In a sence each person has his own religion or philosophy. Each person has his own ethicle rules, which are the core of each religion / philosophy. With out these we probably would "just be" animals.

So were we have the conshenness (sp?)[ability to think] to 'be' ,religion will exsist, in one sense or the other.  You cant seperate it.

/Yari


----------



## Nightingale (May 19, 2003)

I don't think religion is the problem... I think people are the problem, and some people see religion, God, and religious texts as weapons they can use in their own misguided crusades.  

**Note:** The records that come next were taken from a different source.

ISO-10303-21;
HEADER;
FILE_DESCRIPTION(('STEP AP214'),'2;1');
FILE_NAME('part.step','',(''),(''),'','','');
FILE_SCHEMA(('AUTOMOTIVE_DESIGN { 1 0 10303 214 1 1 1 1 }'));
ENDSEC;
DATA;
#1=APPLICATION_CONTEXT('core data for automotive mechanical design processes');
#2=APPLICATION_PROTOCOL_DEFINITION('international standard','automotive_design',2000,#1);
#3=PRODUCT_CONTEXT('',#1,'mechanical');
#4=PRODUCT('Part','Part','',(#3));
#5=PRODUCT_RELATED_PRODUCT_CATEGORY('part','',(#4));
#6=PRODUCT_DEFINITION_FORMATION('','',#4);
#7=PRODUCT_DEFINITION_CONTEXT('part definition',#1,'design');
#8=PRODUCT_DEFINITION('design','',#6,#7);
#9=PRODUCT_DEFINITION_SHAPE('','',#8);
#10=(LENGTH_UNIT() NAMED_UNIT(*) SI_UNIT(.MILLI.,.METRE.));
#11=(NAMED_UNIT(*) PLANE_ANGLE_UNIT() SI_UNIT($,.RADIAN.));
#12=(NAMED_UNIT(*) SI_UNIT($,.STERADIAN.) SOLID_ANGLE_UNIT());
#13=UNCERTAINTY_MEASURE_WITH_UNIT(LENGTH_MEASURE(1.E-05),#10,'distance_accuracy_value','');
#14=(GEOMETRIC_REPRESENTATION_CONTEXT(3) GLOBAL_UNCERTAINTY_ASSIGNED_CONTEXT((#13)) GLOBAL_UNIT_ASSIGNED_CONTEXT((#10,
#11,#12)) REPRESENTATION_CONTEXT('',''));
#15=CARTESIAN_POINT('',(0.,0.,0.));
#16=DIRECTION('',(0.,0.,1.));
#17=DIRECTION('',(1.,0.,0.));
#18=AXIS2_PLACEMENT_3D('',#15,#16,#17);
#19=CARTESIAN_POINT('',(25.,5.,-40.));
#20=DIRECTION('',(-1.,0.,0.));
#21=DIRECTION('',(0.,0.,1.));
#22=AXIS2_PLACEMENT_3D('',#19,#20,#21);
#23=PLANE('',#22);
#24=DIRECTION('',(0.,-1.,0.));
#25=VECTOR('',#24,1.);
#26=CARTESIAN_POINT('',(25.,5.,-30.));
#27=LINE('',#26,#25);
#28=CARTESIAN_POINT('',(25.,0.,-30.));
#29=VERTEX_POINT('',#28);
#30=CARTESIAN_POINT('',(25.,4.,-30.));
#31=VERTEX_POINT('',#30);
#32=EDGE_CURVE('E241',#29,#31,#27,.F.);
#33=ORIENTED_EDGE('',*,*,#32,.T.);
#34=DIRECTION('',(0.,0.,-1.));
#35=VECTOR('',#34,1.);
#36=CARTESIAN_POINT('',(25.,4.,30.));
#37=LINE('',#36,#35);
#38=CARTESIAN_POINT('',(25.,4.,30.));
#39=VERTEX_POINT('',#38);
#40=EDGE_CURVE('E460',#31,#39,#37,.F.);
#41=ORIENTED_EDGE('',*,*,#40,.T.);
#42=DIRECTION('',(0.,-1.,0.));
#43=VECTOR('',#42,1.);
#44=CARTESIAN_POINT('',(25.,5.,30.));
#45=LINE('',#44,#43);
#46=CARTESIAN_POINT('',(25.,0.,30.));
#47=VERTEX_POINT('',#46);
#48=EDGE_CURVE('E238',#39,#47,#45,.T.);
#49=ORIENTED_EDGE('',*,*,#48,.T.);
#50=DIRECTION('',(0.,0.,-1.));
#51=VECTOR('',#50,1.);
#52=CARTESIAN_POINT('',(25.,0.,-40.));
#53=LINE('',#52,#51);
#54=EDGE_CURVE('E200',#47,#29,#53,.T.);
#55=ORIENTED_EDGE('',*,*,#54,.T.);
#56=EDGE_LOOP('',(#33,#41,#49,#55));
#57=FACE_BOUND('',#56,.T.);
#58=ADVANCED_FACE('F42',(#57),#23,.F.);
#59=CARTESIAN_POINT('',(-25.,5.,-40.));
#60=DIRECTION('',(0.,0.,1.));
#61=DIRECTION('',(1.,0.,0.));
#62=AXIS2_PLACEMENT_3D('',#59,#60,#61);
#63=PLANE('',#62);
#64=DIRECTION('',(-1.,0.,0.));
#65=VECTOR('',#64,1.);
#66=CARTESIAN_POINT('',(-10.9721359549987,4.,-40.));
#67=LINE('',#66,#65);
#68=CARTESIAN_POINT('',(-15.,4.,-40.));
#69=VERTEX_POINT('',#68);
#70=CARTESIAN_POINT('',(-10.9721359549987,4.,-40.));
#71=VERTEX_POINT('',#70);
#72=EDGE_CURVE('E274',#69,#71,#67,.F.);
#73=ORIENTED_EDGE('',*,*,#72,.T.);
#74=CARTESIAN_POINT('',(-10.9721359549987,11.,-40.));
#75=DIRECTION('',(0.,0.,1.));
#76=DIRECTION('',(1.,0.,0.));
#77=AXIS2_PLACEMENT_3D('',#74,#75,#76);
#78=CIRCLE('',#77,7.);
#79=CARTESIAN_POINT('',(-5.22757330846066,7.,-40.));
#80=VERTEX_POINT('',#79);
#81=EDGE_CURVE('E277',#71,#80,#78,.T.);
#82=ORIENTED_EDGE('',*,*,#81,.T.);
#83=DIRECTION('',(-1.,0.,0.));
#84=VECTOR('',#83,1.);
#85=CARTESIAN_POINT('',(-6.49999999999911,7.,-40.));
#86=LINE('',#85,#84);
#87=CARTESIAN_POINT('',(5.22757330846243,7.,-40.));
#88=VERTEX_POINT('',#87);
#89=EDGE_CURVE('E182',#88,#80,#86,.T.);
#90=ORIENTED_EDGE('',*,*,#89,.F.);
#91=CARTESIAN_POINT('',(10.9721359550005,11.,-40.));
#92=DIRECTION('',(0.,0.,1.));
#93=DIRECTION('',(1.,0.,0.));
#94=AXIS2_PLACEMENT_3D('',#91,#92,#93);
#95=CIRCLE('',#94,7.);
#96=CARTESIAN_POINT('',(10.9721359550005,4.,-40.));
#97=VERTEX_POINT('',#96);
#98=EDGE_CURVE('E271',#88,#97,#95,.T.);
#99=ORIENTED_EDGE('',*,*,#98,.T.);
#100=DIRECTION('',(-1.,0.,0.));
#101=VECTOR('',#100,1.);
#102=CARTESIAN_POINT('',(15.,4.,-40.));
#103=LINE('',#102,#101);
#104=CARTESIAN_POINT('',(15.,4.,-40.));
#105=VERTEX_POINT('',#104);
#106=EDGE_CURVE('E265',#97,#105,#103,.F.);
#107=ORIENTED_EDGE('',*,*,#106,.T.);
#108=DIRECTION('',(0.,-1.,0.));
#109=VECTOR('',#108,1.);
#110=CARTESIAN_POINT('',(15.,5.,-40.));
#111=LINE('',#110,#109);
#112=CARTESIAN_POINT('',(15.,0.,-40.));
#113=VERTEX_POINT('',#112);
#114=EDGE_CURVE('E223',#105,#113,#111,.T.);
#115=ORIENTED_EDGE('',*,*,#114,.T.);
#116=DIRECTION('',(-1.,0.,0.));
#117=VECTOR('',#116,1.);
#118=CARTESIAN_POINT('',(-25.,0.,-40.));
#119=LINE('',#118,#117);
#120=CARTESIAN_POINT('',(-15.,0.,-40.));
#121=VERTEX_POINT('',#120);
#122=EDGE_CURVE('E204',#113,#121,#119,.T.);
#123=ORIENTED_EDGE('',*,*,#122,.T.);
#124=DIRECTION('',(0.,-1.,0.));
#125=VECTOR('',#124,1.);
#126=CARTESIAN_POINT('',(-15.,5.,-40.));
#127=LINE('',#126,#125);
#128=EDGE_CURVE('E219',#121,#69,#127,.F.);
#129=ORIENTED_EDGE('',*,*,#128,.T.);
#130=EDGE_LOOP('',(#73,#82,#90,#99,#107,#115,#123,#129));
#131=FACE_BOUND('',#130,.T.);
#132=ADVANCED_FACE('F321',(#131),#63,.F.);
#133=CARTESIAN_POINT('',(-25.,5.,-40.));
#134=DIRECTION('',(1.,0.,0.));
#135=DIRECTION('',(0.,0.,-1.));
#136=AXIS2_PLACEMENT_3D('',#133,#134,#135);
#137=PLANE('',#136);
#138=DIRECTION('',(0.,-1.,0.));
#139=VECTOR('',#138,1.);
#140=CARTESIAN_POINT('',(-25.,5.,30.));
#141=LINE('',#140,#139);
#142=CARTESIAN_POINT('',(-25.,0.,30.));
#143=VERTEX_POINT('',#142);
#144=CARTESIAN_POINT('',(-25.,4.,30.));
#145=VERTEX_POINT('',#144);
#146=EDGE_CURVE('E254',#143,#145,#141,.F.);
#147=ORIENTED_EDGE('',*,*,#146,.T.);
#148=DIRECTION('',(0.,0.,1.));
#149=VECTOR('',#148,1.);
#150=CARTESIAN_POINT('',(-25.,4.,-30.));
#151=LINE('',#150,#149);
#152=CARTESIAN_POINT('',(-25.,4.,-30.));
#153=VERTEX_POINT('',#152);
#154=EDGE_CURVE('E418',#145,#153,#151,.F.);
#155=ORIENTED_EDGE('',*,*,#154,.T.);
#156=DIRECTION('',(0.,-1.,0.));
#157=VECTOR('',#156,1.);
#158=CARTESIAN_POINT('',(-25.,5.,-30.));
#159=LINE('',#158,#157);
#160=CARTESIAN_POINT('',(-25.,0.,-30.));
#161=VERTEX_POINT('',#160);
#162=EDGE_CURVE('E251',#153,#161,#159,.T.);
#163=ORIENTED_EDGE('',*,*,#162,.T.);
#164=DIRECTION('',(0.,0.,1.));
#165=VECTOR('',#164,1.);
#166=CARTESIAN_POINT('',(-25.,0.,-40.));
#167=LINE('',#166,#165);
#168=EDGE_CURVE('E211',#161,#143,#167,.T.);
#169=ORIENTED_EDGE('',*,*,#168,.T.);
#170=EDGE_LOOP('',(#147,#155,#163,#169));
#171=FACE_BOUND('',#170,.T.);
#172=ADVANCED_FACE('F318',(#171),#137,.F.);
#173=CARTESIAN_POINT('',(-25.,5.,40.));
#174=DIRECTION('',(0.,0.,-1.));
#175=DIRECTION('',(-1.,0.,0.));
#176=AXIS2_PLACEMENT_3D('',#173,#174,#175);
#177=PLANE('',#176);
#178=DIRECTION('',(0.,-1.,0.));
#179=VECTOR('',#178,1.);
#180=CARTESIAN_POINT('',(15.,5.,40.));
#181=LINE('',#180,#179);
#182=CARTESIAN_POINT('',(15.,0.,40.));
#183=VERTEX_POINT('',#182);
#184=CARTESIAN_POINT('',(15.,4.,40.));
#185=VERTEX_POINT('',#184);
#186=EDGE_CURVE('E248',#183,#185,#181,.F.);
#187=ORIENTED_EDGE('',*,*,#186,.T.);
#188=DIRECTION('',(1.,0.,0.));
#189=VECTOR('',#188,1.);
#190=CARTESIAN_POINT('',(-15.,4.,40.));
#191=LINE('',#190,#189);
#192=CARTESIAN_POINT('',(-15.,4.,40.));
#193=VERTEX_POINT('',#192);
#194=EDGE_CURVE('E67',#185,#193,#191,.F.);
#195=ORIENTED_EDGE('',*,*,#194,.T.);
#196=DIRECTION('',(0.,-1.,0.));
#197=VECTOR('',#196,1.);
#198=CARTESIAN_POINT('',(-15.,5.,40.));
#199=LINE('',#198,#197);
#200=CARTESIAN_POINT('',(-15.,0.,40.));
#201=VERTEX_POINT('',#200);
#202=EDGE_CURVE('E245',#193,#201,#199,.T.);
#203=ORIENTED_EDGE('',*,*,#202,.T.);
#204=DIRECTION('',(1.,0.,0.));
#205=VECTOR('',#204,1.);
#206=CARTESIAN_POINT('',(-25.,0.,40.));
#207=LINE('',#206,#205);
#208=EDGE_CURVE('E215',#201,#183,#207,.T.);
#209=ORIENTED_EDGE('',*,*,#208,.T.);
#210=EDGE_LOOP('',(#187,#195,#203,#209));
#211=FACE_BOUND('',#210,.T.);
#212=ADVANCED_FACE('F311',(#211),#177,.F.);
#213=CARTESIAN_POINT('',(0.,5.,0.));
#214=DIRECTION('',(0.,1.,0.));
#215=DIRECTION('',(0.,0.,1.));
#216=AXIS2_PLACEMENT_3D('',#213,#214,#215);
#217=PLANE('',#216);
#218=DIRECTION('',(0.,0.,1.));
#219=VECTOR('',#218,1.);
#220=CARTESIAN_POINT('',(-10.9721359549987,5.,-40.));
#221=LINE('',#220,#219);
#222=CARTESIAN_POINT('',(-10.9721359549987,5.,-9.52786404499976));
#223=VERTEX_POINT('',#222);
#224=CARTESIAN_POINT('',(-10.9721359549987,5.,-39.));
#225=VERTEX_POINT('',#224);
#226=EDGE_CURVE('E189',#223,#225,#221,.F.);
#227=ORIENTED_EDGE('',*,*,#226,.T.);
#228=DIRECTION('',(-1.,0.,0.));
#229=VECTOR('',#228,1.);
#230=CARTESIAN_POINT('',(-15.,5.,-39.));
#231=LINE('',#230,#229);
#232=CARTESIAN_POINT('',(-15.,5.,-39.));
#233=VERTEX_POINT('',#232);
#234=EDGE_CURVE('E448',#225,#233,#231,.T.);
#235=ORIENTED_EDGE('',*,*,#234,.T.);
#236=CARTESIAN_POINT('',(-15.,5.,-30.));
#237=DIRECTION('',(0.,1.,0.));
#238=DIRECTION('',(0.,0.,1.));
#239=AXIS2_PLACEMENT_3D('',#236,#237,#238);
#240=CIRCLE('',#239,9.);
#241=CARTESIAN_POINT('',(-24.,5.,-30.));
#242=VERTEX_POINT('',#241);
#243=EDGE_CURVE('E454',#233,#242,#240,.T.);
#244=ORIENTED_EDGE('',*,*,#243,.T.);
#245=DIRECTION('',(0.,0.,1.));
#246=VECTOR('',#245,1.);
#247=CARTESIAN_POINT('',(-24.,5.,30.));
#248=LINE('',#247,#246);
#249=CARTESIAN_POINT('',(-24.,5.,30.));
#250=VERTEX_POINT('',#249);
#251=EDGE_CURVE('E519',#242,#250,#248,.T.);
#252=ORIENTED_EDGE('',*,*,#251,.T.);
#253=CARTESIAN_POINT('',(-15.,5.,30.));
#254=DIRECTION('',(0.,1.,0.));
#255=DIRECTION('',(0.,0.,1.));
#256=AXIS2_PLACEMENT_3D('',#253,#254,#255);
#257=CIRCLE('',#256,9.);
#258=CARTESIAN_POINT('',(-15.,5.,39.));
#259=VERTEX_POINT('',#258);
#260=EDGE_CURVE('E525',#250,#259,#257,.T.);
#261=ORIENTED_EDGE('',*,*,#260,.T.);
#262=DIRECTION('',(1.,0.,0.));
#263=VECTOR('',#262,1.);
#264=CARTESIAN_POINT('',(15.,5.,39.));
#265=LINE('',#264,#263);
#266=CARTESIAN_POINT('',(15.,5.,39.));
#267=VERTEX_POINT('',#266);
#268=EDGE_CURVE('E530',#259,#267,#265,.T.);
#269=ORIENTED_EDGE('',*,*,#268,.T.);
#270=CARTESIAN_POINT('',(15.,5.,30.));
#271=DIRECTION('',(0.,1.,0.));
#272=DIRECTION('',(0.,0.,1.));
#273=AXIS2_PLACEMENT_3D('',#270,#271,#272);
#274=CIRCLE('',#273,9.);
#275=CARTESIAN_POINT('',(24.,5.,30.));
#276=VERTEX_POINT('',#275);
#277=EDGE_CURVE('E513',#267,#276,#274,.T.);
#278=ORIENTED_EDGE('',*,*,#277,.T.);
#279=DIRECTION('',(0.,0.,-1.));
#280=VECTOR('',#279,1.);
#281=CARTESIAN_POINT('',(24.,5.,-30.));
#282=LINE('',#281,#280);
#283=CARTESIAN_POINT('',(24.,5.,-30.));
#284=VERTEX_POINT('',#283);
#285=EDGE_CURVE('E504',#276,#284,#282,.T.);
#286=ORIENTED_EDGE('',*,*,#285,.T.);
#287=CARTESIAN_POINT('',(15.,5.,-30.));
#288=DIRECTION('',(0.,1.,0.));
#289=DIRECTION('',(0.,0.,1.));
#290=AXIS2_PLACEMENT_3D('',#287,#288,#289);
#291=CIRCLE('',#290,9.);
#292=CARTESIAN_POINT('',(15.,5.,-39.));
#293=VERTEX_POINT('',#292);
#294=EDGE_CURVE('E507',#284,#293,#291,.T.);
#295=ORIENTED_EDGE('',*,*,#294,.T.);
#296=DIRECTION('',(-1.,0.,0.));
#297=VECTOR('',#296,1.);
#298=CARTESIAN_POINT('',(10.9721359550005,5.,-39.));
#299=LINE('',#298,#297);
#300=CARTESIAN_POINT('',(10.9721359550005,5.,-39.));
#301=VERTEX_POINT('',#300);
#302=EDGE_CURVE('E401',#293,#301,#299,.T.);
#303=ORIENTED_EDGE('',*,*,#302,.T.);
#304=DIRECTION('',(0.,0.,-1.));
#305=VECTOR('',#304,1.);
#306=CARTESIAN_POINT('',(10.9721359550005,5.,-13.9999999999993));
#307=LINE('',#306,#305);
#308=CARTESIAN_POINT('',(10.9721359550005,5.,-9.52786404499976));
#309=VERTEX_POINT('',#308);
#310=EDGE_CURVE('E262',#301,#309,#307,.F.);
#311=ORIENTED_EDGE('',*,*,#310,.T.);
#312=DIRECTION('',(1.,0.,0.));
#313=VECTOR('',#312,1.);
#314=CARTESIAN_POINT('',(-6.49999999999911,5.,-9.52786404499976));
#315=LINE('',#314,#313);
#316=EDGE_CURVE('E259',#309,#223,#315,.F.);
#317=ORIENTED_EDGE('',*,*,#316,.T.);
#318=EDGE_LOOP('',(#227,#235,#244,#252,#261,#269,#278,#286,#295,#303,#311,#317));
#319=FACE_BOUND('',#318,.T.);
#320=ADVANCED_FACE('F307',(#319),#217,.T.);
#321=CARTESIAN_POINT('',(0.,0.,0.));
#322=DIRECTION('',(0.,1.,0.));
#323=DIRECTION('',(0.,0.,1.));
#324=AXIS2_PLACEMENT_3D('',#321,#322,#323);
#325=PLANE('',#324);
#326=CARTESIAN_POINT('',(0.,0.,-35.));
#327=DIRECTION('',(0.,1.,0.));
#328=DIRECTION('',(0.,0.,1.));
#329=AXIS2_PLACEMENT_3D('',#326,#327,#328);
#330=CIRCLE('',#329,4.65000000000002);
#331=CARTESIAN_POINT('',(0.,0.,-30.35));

Religion is not inherently good or inherently evil. It simply exists.  For example, I've seen Christianity do a whole lot of good for some people (reforming felons, for example), and a whole lot of bad (a homosexual student at my school who killed himself because his parents told him he was evil and that they were good Christians and could never accept him as gay).

Religion is something that can be a very positive thing, if its used to foster understanding rather than intolerance, and acceptance rather than judgement.  When people come up to my gay friends and tell them "The Bible says you're going to Hell!" (happens more often than you think), we just look at them and ask "Have you actually read it?"  More often than not, the answer is "no."  They're parroting what they've heard from parents and preachers, and they've memorized a few quotes to keep in their arsenal.  The Bible, overall, is a message of peace and tolerance.  "Judge not, lest ye be judged."  "Love thy neighbor as yourself."  "Whatever you do to the least of my brothers..." etc... (and I'm aware that I'm editing here, but its impossible to post the entire text of the Bible here. LOL)

The problem with books like the Bible, Torah, and Qu'oran is that they are so long, that you can make them say whatever you want them to say based on selective editing.  You can take a bible quote, and I can guarantee that somewhere, you can find something in the bible that directly contradicts the original quote.  For example... "Judge not, lest ye be judged..."  and "An eye for an eye." the latter quote seems like judgement to me...?  If someone's judging you, its "Judge not..." but if you want to judge someone who's wronged you, its "an eye for an eye" rather than "turn the other cheek."  People use the little quotes instead of looking at the big picture, because the little quotes support their actions, while the big picture is a resounding "Don't Do That!"  With religious texts, you have to look at the overall picture, not just the little snippets.  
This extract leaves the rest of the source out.